[[ DATA EXTRACTS open ]]

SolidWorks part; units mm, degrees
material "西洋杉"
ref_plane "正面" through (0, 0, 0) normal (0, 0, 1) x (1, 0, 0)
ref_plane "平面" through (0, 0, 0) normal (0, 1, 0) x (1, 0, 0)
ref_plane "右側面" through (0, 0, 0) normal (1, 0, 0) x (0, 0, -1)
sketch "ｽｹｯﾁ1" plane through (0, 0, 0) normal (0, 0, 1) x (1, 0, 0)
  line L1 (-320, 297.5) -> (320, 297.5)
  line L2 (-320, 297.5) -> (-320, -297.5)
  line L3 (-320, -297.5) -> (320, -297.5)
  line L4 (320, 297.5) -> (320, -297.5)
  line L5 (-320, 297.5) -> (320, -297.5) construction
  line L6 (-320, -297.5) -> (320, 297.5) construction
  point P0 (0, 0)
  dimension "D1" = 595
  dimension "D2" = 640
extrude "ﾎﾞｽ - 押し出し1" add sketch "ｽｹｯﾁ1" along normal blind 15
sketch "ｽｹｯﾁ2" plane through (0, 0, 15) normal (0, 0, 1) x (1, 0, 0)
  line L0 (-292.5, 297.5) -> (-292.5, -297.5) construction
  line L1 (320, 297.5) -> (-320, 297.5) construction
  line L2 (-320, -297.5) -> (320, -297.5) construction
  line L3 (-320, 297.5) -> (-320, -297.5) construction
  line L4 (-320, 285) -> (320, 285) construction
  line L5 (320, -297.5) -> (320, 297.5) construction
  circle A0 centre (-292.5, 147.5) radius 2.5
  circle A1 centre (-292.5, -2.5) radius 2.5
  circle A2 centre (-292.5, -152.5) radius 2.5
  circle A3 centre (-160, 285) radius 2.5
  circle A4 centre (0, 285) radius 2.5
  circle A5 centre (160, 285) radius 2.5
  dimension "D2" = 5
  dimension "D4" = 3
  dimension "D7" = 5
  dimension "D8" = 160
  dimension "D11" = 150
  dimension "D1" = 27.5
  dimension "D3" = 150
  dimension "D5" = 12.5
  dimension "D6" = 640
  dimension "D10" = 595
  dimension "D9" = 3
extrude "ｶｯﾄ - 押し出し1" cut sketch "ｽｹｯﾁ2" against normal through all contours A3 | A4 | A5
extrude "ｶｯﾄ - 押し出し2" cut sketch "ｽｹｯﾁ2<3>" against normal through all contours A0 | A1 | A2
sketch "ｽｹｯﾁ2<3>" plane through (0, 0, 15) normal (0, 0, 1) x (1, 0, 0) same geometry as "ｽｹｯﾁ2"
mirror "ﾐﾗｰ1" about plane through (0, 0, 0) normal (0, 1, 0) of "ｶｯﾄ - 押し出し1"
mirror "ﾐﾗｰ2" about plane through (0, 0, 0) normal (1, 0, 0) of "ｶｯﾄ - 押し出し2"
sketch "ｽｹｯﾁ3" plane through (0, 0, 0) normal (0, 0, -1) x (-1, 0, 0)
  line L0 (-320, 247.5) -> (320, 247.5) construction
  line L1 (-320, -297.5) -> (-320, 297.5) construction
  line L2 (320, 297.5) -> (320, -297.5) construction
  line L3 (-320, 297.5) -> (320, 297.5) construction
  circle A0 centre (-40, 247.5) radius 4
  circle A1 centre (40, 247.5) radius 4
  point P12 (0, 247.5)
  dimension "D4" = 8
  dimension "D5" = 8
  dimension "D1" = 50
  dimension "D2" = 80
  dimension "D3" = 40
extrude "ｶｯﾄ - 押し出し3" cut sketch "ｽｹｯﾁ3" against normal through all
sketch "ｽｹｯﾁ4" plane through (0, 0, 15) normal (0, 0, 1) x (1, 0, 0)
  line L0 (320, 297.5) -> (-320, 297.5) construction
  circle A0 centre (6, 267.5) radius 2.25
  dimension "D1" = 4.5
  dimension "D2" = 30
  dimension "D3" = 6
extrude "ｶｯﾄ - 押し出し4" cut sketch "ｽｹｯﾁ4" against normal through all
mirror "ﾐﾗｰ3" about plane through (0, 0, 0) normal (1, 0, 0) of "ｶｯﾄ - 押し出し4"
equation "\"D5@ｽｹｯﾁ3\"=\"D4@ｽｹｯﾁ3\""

[[ DATA EXTRACTS closed ]]

→ TASK GOAL
Select and copy every line from the records that includes the word "centre".

→ EXERCISE RESPONSE
  circle A0 centre (-292.5, 147.5) radius 2.5
  circle A1 centre (-292.5, -2.5) radius 2.5
  circle A2 centre (-292.5, -152.5) radius 2.5
  circle A3 centre (-160, 285) radius 2.5
  circle A4 centre (0, 285) radius 2.5
  circle A5 centre (160, 285) radius 2.5
  circle A0 centre (-40, 247.5) radius 4
  circle A1 centre (40, 247.5) radius 4
  circle A0 centre (6, 267.5) radius 2.25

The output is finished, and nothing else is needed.